PROMPT
Extract each line holding the word "DIRECTION" from the entries.

Data entries:
· · · · · · ·
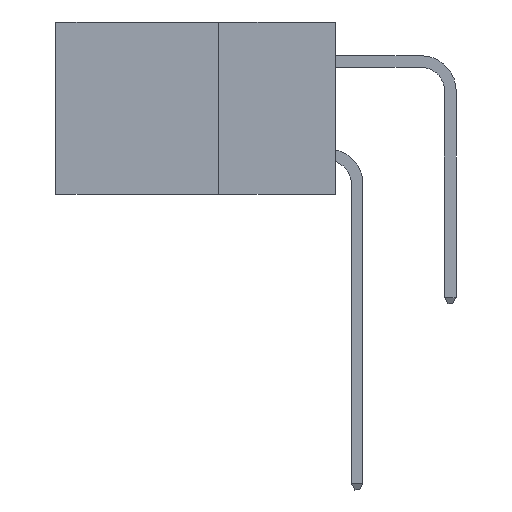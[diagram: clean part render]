
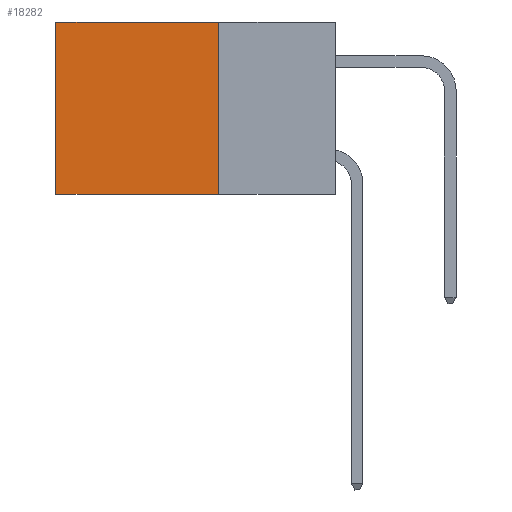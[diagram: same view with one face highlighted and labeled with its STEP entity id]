
A CAD part, left-side view. The second image highlights one B-rep face of the part: STEP entity #18282.
In plain terms, the highlighted planar face has unit normal (-1, 0, 0).
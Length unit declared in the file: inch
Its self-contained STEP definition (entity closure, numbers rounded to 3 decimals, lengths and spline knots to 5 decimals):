
#910 = CARTESIAN_POINT ( 'NONE',  ( 0.2875, 0.6, 0. ) ) ;
#1035 = DIRECTION ( 'NONE',  ( 0., 0., -1. ) ) ;
#1551 = CARTESIAN_POINT ( 'NONE',  ( 0.2875, 0.25, -0.37 ) ) ;
#1581 = DIRECTION ( 'NONE',  ( 0., 1., 0. ) ) ;
#2892 = EDGE_CURVE ( 'NONE', #9272, #3683, #11208, .T. ) ;
#3437 = CARTESIAN_POINT ( 'NONE',  ( 0.2875, 0.25, 0. ) ) ;
#3683 = VERTEX_POINT ( 'NONE', #14236 ) ;
#4722 = VECTOR ( 'NONE', #1581, 39.37008 ) ;
#4741 = CARTESIAN_POINT ( 'NONE',  ( 0.2875, 0.25, 0. ) ) ;
#5940 = ORIENTED_EDGE ( 'NONE', *, *, #27636, .F. ) ;
#8620 = VERTEX_POINT ( 'NONE', #1551 ) ;
#9272 = VERTEX_POINT ( 'NONE', #910 ) ;
#10416 = VECTOR ( 'NONE', #27265, 39.37008 ) ;
#10658 = EDGE_CURVE ( 'NONE', #22357, #9272, #25552, .T. ) ;
#11208 = LINE ( 'NONE', #23629, #11892 ) ;
#11892 = VECTOR ( 'NONE', #28260, 39.37008 ) ;
#12599 = VECTOR ( 'NONE', #25643, 39.37008 ) ;
#12734 = EDGE_LOOP ( 'NONE', ( #27719, #5940, #27860, #16031 ) ) ;
#12898 = CARTESIAN_POINT ( 'NONE',  ( 0.2875, 0.25, -0.37 ) ) ;
#14236 = CARTESIAN_POINT ( 'NONE',  ( 0.2875, 0.6, -0.37 ) ) ;
#16031 = ORIENTED_EDGE ( 'NONE', *, *, #10658, .T. ) ;
#18223 = LINE ( 'NONE', #20940, #12599 ) ;
#18282 = ADVANCED_FACE ( 'NONE', ( #20491 ), #23422, .F. ) ;
#19223 = DIRECTION ( 'NONE',  ( 1., 0., 0. ) ) ;
#20491 = FACE_OUTER_BOUND ( 'NONE', #12734, .T. ) ;
#20940 = CARTESIAN_POINT ( 'NONE',  ( 0.2875, 0.25, 0. ) ) ;
#22242 = AXIS2_PLACEMENT_3D ( 'NONE', #3437, #19223, #1035 ) ;
#22357 = VERTEX_POINT ( 'NONE', #23652 ) ;
#23422 = PLANE ( 'NONE',  #22242 ) ;
#23629 = CARTESIAN_POINT ( 'NONE',  ( 0.2875, 0.6, 0. ) ) ;
#23652 = CARTESIAN_POINT ( 'NONE',  ( 0.2875, 0.25, 0. ) ) ;
#25552 = LINE ( 'NONE', #4741, #10416 ) ;
#25643 = DIRECTION ( 'NONE',  ( 0., 0., -1. ) ) ;
#27265 = DIRECTION ( 'NONE',  ( 0., 1., 0. ) ) ;
#27636 = EDGE_CURVE ( 'NONE', #8620, #3683, #28790, .T. ) ;
#27719 = ORIENTED_EDGE ( 'NONE', *, *, #2892, .T. ) ;
#27860 = ORIENTED_EDGE ( 'NONE', *, *, #28773, .F. ) ;
#28260 = DIRECTION ( 'NONE',  ( 0., 0., -1. ) ) ;
#28773 = EDGE_CURVE ( 'NONE', #22357, #8620, #18223, .T. ) ;
#28790 = LINE ( 'NONE', #12898, #4722 ) ;
· · · · · · ·
RESPONSE
#1035 = DIRECTION ( 'NONE',  ( 0., 0., -1. ) ) ;
#1581 = DIRECTION ( 'NONE',  ( 0., 1., 0. ) ) ;
#19223 = DIRECTION ( 'NONE',  ( 1., 0., 0. ) ) ;
#25643 = DIRECTION ( 'NONE',  ( 0., 0., -1. ) ) ;
#27265 = DIRECTION ( 'NONE',  ( 0., 1., 0. ) ) ;
#28260 = DIRECTION ( 'NONE',  ( 0., 0., -1. ) ) ;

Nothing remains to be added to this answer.